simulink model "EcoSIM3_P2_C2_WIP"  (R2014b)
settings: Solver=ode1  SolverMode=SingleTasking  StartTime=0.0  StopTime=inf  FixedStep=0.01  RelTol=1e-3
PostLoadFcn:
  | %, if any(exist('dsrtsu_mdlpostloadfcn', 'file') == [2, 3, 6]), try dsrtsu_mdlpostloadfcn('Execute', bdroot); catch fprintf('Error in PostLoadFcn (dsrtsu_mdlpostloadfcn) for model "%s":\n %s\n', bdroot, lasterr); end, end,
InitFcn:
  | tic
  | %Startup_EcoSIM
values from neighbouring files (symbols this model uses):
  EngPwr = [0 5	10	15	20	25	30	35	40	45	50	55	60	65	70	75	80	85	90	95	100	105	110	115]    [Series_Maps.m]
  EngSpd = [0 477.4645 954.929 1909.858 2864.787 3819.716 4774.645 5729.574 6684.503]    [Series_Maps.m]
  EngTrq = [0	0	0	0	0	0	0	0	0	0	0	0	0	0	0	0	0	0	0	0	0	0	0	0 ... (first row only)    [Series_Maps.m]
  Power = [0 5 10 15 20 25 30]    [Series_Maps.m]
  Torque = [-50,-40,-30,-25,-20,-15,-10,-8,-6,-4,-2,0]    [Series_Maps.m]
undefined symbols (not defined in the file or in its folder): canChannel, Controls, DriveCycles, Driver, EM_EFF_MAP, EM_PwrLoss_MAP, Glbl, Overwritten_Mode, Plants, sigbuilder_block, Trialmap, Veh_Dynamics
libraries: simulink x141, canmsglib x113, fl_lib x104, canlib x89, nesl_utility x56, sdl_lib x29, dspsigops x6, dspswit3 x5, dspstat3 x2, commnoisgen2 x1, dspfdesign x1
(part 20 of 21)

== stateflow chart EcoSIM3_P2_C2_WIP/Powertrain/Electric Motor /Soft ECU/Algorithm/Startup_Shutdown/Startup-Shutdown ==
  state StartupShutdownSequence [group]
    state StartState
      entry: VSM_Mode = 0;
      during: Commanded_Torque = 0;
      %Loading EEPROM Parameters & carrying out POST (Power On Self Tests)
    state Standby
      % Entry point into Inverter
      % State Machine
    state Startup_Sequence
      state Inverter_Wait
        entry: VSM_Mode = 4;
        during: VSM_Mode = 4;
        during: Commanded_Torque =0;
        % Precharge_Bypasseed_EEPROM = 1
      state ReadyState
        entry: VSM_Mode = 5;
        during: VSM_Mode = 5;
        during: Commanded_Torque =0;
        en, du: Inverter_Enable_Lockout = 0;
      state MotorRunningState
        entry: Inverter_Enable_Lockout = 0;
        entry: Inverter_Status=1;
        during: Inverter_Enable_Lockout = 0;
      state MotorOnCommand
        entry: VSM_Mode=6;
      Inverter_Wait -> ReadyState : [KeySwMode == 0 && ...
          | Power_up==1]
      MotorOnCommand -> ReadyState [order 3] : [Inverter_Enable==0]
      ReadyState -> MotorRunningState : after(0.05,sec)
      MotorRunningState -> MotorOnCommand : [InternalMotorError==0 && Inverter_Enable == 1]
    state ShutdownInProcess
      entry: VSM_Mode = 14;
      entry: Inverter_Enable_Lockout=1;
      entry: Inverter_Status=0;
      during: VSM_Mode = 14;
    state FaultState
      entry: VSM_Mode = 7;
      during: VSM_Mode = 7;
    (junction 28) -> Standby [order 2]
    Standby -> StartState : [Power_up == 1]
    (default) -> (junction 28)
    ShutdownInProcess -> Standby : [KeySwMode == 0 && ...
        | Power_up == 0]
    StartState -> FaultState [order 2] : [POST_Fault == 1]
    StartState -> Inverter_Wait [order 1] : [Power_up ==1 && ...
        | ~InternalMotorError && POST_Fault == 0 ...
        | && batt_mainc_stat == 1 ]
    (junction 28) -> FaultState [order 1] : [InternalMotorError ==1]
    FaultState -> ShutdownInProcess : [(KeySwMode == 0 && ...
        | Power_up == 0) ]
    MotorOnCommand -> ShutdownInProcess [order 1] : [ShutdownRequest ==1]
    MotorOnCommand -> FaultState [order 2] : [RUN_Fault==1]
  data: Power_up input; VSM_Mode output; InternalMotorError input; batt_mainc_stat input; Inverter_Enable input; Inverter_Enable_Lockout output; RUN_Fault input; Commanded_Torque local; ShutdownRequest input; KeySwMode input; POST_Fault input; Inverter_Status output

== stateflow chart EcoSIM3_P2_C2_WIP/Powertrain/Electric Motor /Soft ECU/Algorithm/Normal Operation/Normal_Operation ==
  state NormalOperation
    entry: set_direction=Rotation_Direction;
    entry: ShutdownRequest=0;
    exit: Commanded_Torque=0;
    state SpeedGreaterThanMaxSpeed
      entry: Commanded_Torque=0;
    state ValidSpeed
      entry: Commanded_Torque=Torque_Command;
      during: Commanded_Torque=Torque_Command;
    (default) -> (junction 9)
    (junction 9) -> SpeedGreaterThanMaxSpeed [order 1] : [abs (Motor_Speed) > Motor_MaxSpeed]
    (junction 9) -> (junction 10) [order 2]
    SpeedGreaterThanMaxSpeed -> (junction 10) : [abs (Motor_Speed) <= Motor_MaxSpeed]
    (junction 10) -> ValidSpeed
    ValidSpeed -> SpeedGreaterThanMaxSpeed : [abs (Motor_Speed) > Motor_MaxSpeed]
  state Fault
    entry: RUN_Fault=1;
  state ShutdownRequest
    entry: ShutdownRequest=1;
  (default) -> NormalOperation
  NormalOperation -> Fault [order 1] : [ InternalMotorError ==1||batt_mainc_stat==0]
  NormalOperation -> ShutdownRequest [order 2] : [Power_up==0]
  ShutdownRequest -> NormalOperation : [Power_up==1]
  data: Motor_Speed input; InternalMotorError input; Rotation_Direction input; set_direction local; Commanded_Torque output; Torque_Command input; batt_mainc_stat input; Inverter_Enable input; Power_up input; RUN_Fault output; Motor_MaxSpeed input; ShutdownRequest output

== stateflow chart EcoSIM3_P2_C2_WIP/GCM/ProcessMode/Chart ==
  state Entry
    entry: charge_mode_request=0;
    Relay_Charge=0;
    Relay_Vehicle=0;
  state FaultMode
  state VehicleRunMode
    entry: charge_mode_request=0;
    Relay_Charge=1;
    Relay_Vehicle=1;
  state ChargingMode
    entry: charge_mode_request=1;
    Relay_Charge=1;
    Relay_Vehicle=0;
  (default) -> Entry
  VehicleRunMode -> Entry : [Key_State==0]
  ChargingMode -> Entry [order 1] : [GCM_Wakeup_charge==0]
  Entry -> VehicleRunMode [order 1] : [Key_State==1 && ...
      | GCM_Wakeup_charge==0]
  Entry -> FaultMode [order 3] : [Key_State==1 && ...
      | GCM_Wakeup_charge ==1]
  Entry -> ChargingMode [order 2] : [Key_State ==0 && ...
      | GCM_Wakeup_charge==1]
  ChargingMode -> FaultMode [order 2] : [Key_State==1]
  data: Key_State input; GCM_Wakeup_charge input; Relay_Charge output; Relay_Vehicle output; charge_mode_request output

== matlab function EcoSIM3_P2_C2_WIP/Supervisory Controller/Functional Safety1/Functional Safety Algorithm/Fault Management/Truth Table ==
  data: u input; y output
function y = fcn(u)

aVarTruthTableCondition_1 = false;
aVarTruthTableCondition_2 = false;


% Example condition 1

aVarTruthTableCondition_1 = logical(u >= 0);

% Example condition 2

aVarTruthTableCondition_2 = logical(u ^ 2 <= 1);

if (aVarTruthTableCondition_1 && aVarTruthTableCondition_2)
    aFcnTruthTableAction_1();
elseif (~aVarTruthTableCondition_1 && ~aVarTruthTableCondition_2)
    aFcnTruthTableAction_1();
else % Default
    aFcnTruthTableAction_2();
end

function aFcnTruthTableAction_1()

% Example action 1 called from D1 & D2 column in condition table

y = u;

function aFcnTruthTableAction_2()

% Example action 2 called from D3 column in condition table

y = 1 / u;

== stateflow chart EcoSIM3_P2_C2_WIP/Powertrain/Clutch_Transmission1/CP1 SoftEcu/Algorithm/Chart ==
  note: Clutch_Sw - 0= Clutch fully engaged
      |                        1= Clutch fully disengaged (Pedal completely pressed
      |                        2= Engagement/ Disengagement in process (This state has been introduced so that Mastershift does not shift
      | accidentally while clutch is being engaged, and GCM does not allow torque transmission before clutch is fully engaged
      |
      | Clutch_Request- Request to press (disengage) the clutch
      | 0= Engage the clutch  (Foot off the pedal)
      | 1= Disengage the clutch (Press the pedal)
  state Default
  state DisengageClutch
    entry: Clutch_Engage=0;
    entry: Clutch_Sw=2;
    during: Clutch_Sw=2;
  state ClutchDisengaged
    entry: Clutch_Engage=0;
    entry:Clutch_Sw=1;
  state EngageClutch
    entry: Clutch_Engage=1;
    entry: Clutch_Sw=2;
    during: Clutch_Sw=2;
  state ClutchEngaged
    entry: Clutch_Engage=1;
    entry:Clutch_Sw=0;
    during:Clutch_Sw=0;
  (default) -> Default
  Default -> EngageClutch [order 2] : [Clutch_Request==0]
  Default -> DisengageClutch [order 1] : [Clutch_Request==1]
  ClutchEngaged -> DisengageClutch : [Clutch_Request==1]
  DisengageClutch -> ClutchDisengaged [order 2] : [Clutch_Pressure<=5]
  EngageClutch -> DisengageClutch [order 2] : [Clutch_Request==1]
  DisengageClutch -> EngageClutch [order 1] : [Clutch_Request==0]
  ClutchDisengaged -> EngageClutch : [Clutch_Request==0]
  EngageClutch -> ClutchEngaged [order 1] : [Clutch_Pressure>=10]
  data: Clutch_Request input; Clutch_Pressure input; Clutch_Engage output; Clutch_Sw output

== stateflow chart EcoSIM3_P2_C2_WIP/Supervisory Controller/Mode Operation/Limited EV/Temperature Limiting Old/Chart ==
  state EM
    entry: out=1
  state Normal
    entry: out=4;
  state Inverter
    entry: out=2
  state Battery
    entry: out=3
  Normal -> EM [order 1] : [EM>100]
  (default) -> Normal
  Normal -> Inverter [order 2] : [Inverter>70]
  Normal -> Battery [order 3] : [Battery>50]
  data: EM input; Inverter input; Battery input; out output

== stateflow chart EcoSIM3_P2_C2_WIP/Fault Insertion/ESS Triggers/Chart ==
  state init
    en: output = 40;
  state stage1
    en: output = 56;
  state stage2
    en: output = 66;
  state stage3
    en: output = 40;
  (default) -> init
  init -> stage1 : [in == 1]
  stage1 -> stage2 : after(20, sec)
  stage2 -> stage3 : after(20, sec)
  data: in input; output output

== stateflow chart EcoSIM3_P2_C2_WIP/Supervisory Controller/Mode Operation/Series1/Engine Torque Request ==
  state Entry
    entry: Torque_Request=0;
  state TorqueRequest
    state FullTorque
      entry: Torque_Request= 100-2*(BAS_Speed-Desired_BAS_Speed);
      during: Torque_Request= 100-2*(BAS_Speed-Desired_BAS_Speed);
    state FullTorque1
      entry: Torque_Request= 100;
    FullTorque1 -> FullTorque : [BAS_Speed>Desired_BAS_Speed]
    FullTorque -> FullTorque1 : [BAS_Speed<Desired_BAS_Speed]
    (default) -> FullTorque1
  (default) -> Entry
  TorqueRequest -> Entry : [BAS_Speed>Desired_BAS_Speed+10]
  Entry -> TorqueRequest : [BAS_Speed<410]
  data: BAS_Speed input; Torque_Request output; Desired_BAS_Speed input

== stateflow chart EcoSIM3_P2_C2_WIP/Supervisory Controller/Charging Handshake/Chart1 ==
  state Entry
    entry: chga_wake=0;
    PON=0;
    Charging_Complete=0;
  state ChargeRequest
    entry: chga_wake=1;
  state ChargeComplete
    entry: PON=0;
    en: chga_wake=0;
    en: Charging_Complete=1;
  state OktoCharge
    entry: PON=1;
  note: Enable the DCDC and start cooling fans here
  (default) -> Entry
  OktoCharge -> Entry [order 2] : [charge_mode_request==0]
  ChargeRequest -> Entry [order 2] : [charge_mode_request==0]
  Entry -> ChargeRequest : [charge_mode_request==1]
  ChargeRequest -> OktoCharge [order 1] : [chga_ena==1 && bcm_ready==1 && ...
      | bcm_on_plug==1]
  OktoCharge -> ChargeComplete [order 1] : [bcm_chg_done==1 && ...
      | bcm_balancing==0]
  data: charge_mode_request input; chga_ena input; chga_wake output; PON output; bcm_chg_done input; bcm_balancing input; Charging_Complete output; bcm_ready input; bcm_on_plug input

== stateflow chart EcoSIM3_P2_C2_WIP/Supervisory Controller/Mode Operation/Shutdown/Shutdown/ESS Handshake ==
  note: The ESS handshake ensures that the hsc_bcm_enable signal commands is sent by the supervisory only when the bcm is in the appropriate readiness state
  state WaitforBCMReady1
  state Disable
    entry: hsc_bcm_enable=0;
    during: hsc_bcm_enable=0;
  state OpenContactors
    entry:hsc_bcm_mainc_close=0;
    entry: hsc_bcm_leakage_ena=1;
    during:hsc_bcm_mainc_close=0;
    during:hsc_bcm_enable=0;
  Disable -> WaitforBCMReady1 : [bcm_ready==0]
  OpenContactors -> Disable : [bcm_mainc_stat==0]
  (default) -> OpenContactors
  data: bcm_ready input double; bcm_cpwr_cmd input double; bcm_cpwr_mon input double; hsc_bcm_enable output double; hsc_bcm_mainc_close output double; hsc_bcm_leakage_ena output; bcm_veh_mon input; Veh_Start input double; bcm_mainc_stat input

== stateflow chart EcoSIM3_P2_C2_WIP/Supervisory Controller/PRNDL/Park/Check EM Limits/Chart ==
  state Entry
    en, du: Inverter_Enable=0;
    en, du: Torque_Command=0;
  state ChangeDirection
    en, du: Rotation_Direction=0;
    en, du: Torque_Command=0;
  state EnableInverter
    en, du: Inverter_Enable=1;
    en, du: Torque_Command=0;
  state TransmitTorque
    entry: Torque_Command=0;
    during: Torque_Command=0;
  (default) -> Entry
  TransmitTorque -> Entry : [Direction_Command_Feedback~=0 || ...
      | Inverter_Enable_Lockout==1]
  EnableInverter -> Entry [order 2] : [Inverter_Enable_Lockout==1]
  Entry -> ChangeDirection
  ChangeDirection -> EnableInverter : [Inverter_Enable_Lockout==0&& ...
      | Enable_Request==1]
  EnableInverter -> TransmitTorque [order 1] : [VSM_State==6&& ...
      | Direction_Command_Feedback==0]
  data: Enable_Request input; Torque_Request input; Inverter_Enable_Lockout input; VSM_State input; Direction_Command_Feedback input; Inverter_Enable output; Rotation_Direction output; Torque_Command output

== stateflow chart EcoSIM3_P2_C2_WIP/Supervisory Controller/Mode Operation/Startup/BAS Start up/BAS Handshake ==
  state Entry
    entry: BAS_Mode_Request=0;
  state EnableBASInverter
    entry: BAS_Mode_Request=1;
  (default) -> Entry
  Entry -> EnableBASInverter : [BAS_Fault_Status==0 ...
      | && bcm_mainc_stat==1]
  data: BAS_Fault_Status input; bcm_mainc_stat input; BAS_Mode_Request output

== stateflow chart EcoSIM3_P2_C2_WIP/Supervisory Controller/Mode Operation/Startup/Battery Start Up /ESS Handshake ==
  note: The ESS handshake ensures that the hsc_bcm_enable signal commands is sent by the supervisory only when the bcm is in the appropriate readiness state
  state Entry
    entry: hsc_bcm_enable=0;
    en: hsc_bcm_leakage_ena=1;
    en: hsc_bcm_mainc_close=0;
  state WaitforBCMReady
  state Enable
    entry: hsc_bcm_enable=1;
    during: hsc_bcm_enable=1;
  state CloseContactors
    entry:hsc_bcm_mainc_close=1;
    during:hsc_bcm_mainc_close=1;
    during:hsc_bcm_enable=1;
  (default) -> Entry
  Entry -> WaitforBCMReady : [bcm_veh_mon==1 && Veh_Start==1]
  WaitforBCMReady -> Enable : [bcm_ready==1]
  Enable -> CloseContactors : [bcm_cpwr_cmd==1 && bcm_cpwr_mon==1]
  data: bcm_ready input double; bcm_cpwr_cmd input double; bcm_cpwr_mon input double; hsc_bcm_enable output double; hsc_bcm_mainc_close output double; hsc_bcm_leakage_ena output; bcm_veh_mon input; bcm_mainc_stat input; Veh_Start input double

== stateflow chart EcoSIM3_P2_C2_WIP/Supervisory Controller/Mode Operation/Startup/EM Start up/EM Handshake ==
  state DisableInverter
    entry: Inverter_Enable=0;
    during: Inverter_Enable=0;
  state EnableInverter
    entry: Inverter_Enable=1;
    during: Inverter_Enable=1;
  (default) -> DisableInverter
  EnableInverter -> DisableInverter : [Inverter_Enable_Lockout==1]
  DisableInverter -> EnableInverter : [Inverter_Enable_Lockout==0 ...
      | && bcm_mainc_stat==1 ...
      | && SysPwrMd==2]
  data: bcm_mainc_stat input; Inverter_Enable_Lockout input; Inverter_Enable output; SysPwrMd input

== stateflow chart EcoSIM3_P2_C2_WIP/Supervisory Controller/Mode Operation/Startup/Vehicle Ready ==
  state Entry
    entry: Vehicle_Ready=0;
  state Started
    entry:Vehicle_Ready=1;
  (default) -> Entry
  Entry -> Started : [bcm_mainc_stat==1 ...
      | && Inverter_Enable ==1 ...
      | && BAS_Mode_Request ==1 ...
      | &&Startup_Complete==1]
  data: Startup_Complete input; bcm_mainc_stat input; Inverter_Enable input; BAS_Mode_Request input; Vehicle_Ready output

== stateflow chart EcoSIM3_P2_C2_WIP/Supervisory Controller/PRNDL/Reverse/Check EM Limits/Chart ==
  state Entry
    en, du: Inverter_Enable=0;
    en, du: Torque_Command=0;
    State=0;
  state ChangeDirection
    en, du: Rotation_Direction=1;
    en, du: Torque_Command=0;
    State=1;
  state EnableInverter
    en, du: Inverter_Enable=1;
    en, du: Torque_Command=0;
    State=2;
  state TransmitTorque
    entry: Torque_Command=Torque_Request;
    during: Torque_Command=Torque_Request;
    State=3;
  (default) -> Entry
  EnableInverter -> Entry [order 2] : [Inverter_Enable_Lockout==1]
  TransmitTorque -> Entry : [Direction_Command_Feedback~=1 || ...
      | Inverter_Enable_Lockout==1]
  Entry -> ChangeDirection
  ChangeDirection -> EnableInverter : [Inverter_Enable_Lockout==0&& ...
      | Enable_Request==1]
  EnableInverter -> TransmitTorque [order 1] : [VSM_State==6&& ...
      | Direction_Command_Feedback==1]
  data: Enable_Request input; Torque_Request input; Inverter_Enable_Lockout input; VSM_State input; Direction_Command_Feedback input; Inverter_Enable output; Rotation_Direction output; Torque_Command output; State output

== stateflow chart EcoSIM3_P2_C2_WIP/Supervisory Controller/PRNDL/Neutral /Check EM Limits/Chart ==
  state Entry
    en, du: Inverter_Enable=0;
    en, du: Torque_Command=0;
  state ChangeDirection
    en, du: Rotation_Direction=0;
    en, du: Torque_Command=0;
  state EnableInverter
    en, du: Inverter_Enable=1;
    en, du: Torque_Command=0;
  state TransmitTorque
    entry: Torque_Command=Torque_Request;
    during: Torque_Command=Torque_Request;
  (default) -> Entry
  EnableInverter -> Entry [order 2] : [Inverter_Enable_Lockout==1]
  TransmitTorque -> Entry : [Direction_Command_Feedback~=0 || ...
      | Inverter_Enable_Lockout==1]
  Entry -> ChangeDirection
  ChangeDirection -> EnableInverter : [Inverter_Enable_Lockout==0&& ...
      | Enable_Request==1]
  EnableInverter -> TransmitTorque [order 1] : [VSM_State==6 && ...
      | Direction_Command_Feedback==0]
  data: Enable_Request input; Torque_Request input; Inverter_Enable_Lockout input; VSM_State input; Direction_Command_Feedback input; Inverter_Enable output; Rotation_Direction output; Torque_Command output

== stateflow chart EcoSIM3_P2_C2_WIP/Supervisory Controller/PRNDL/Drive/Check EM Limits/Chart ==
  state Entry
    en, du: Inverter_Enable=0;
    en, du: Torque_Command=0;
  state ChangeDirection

» Exercise instructions: The stretch of entries above that starts with the line containing "state FullTorque1" and goes on through the line containing "Controller/Mode Operation/Shutdown/Shutdown/ESS Handshake" is to be transcribed exactly, and no other line is to be transcribed.

» Answer to the problem:
    state FullTorque1
      entry: Torque_Request= 100;
    FullTorque1 -> FullTorque : [BAS_Speed>Desired_BAS_Speed]
    FullTorque -> FullTorque1 : [BAS_Speed<Desired_BAS_Speed]
    (default) -> FullTorque1
  (default) -> Entry
  TorqueRequest -> Entry : [BAS_Speed>Desired_BAS_Speed+10]
  Entry -> TorqueRequest : [BAS_Speed<410]
  data: BAS_Speed input; Torque_Request output; Desired_BAS_Speed input

== stateflow chart EcoSIM3_P2_C2_WIP/Supervisory Controller/Charging Handshake/Chart1 ==
  state Entry
    entry: chga_wake=0;
    PON=0;
    Charging_Complete=0;
  state ChargeRequest
    entry: chga_wake=1;
  state ChargeComplete
    entry: PON=0;
    en: chga_wake=0;
    en: Charging_Complete=1;
  state OktoCharge
    entry: PON=1;
  note: Enable the DCDC and start cooling fans here
  (default) -> Entry
  OktoCharge -> Entry [order 2] : [charge_mode_request==0]
  ChargeRequest -> Entry [order 2] : [charge_mode_request==0]
  Entry -> ChargeRequest : [charge_mode_request==1]
  ChargeRequest -> OktoCharge [order 1] : [chga_ena==1 && bcm_ready==1 && ...
      | bcm_on_plug==1]
  OktoCharge -> ChargeComplete [order 1] : [bcm_chg_done==1 && ...
      | bcm_balancing==0]
  data: charge_mode_request input; chga_ena input; chga_wake output; PON output; bcm_chg_done input; bcm_balancing input; Charging_Complete output; bcm_ready input; bcm_on_plug input

== stateflow chart EcoSIM3_P2_C2_WIP/Supervisory Controller/Mode Operation/Shutdown/Shutdown/ESS Handshake ==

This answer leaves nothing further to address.